From early internet infrastructure to a dollar protocol vision

Jeremy Allaire opens with the long arc: he got obsessed with open networks in the early 1990s, before the web, and spent decades building internet infrastructure software. After the financial crisis, that collided with a separate obsession — what money actually is, how central banking and fractional reserve systems work, and whether there was a better model.

Circle’s original thesis: “HTTP for money”

What became USDC was, in his telling, the founding idea of Circle: a protocol for dollars on the internet, built as full-reserve money rather than fractional reserve banking. He frames Bitcoin and later Ethereum as the missing infrastructure layer that made it possible to imagine “self-running machines” and programmable economic activity online.

Why stablecoins were once a deeply unpopular idea

Allaire is pretty candid that backing digital dollars on public chains was wildly controversial in crypto’s early years. He says he “got a lot of hate,” and even got “booed out of a lot of rooms” for arguing for hybrid models that linked regulated money to permissionless networks instead of going full Bitcoin-maxi.

The builder shift: from consumer wallets to business rails

On startup use cases, he says the energy has moved from stablecoin consumer wallets with Visa cards to products for businesses: treasury management, payment flows, and cross-border settlement. He also highlights newer programmable-money ideas, like rewards and loyalty systems that can replace card-based loyalty programs because the payment rail itself is programmable.

Stablecoins as the invisible layer behind payouts and global commerce

Asked whether the next phase is consumer-facing or more of a “stablecoin sandwich” with fiat on both ends, Allaire says it’s both. In emerging markets, businesses and households increasingly want to actually hold digital dollars as working capital or savings, while Circle Payments Network has already grown to 55 financial institutions using fiat-to-stablecoin-to-fiat or stablecoin flows for international B2B payments.

Wall Street is starting to use stablecoins like real infrastructure

This is where the tone shifts from startup excitement to institutional scale: Allaire says USDC is now getting the legal and prudential treatment needed to be used across banking and capital markets. His examples are strikingly concrete — CFTC-regulated derivatives markets authorizing USDC as eligible collateral, major banks using it for internal global treasury, asset managers using it as the cash layer for tokenized products, and banks doing intraday FX in ways legacy settlement systems can’t support.

The global regulatory map is changing fast

Allaire argues the US is actually late here: Japan moved first, then Europe, then Singapore, Hong Kong, the UK, and UAE, all following years of G20 and Financial Stability Board work. Now that the US has acted, he expects the next 2–3 years to bring a rush of stablecoin laws in emerging and developed markets, with countries trying to align enough for interoperability and reciprocity.

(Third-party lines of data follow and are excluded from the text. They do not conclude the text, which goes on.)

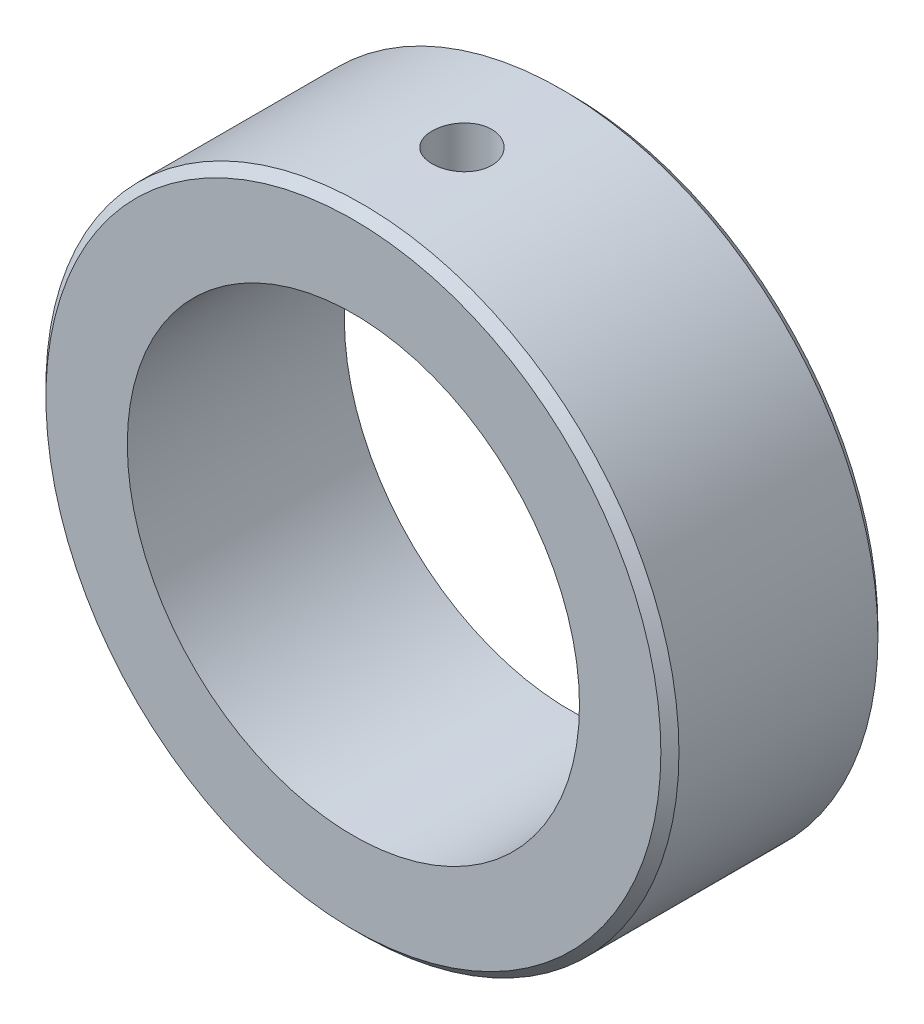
ISO-10303-21;
HEADER;
FILE_DESCRIPTION(('STEP AP214'),'2;1');
FILE_NAME('part.step','',(''),(''),'','','');
FILE_SCHEMA(('AUTOMOTIVE_DESIGN { 1 0 10303 214 1 1 1 1 }'));
ENDSEC;
DATA;
#1=APPLICATION_CONTEXT('core data for automotive mechanical design processes');
#2=APPLICATION_PROTOCOL_DEFINITION('international standard','automotive_design',2000,#1);
#3=PRODUCT_CONTEXT('',#1,'mechanical');
#4=PRODUCT('Part','Part','',(#3));
#5=PRODUCT_RELATED_PRODUCT_CATEGORY('part','',(#4));
#6=PRODUCT_DEFINITION_FORMATION('','',#4);
#7=PRODUCT_DEFINITION_CONTEXT('part definition',#1,'design');
#8=PRODUCT_DEFINITION('design','',#6,#7);
#9=PRODUCT_DEFINITION_SHAPE('','',#8);
#10=(LENGTH_UNIT() NAMED_UNIT(*) SI_UNIT(.MILLI.,.METRE.));
#11=(NAMED_UNIT(*) PLANE_ANGLE_UNIT() SI_UNIT($,.RADIAN.));
#12=(NAMED_UNIT(*) SI_UNIT($,.STERADIAN.) SOLID_ANGLE_UNIT());
#13=UNCERTAINTY_MEASURE_WITH_UNIT(LENGTH_MEASURE(1.E-05),#10,'distance_accuracy_value','');
#14=(GEOMETRIC_REPRESENTATION_CONTEXT(3) GLOBAL_UNCERTAINTY_ASSIGNED_CONTEXT((#13)) GLOBAL_UNIT_ASSIGNED_CONTEXT((#10,
#11,#12)) REPRESENTATION_CONTEXT('',''));
#15=CARTESIAN_POINT('',(0.,0.,0.));
#16=DIRECTION('',(0.,0.,1.));
#17=DIRECTION('',(1.,0.,0.));
#18=AXIS2_PLACEMENT_3D('',#15,#16,#17);
#19=CARTESIAN_POINT('',(0.,0.,6.));
#20=DIRECTION('',(0.,0.,1.));
#21=DIRECTION('',(1.,0.,0.));
#22=AXIS2_PLACEMENT_3D('',#19,#20,#21);
#23=PLANE('',#22);
#24=CARTESIAN_POINT('',(0.,0.,6.));
#25=DIRECTION('',(0.,0.,1.));
#26=DIRECTION('',(1.,0.,0.));
#27=AXIS2_PLACEMENT_3D('',#24,#25,#26);
#28=CIRCLE('',#27,17.);
#29=CARTESIAN_POINT('',(17.,0.,6.));
#30=VERTEX_POINT('',#29);
#31=EDGE_CURVE('E45',#30,#30,#28,.T.);
#32=ORIENTED_EDGE('',*,*,#31,.T.);
#33=EDGE_LOOP('',(#32));
#34=FACE_BOUND('',#33,.T.);
#35=CARTESIAN_POINT('',(0.,0.,6.));
#36=DIRECTION('',(0.,0.,1.));
#37=DIRECTION('',(1.,0.,0.));
#38=AXIS2_PLACEMENT_3D('',#35,#36,#37);
#39=CIRCLE('',#38,12.5);
#40=CARTESIAN_POINT('',(12.5,0.,6.));
#41=VERTEX_POINT('',#40);
#42=EDGE_CURVE('E56',#41,#41,#39,.T.);
#43=ORIENTED_EDGE('',*,*,#42,.F.);
#44=EDGE_LOOP('',(#43));
#45=FACE_BOUND('',#44,.T.);
#46=ADVANCED_FACE('F29',(#34,#45),#23,.T.);
#47=CARTESIAN_POINT('',(0.,0.,6.));
#48=DIRECTION('',(0.,0.,-1.));
#49=DIRECTION('',(-1.,0.,0.));
#50=AXIS2_PLACEMENT_3D('',#47,#48,#49);
#51=CYLINDRICAL_SURFACE('',#50,17.5);
#52=CARTESIAN_POINT('',(0.,0.,5.5));
#53=DIRECTION('',(0.,0.,1.));
#54=DIRECTION('',(1.,0.,0.));
#55=AXIS2_PLACEMENT_3D('',#52,#53,#54);
#56=CIRCLE('',#55,17.5);
#57=CARTESIAN_POINT('',(17.5,0.,5.5));
#58=VERTEX_POINT('',#57);
#59=EDGE_CURVE('E37',#58,#58,#56,.F.);
#60=ORIENTED_EDGE('',*,*,#59,.T.);
#61=EDGE_LOOP('',(#60));
#62=FACE_BOUND('',#61,.T.);
#63=CARTESIAN_POINT('',(0.,0.,-5.49999999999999));
#64=DIRECTION('',(0.,0.,1.));
#65=DIRECTION('',(1.,0.,0.));
#66=AXIS2_PLACEMENT_3D('',#63,#64,#65);
#67=CIRCLE('',#66,17.5);
#68=CARTESIAN_POINT('',(17.5,0.,-5.49999999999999));
#69=VERTEX_POINT('',#68);
#70=EDGE_CURVE('E41',#69,#69,#67,.T.);
#71=ORIENTED_EDGE('',*,*,#70,.T.);
#72=EDGE_LOOP('',(#71));
#73=FACE_BOUND('',#72,.T.);
#74=CARTESIAN_POINT('',(0.,17.5,-1.65));
#75=CARTESIAN_POINT('',(0.0924609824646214,17.4999989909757,-1.64999598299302));
#76=CARTESIAN_POINT('',(0.184983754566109,17.4992594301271,-1.64220199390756));
#77=CARTESIAN_POINT('',(0.3674660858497,17.496380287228,-1.61122684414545));
#78=CARTESIAN_POINT('',(0.45742267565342,17.4942391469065,-1.58802855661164));
#79=CARTESIAN_POINT('',(0.632103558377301,17.4887986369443,-1.52692450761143));
#80=CARTESIAN_POINT('',(0.716830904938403,17.4854999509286,-1.48902742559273));
#81=CARTESIAN_POINT('',(0.878702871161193,17.4781135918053,-1.39961792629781));
#82=CARTESIAN_POINT('',(0.955849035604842,17.4740260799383,-1.34810829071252));
#83=CARTESIAN_POINT('',(1.10063611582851,17.4655055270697,-1.2327576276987));
#84=CARTESIAN_POINT('',(1.16824923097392,17.4610715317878,-1.16888177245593));
#85=CARTESIAN_POINT('',(1.29181211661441,17.4523656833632,-1.03068595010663));
#86=CARTESIAN_POINT('',(1.34776135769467,17.4480938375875,-0.956365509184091));
#87=CARTESIAN_POINT('',(1.4465053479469,17.4401860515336,-0.799218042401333));
#88=CARTESIAN_POINT('',(1.48927517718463,17.4365513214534,-0.716375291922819));
#89=CARTESIAN_POINT('',(1.56028712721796,17.4303408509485,-0.544644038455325));
#90=CARTESIAN_POINT('',(1.58852956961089,17.4277650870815,-0.455755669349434));
#91=CARTESIAN_POINT('',(1.62960320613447,17.4239726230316,-0.274738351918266));
#92=CARTESIAN_POINT('',(1.64248025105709,17.4227518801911,-0.182619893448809));
#93=CARTESIAN_POINT('',(1.65259926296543,17.4217950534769,0.00247829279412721));
#94=CARTESIAN_POINT('',(1.64984159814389,17.4220589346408,0.0954580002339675));
#95=CARTESIAN_POINT('',(1.62880729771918,17.4240378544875,0.2793239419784));
#96=CARTESIAN_POINT('',(1.61058064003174,17.4257482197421,0.370215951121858));
#97=CARTESIAN_POINT('',(1.55920346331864,17.430420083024,0.547645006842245));
#98=CARTESIAN_POINT('',(1.52605276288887,17.4333815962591,0.634182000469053));
#99=CARTESIAN_POINT('',(1.4457130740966,17.4402274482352,0.800602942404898));
#100=CARTESIAN_POINT('',(1.39850182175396,17.4441132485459,0.880476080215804));
#101=CARTESIAN_POINT('',(1.29139719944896,17.4523685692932,1.03118373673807));
#102=CARTESIAN_POINT('',(1.23150349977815,17.4567381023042,1.10201802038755));
#103=CARTESIAN_POINT('',(1.10045458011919,17.4654893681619,1.23292772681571));
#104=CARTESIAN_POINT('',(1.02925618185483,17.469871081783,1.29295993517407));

AI agents could become the biggest stablecoin use case yet

The final stretch is his most forward-looking: he thinks “agentic commerce” is too small a phrase for what’s coming, because this is really an “agentic economic system.” In his view, billions of agents will need identity, dispute resolution, governance, capital management, and especially insurance markets — and the three big transformations ahead are AI-native economic activity, UX that doesn’t feel like crypto, and stablecoins becoming accepted inside the deepest parts of the global financial system.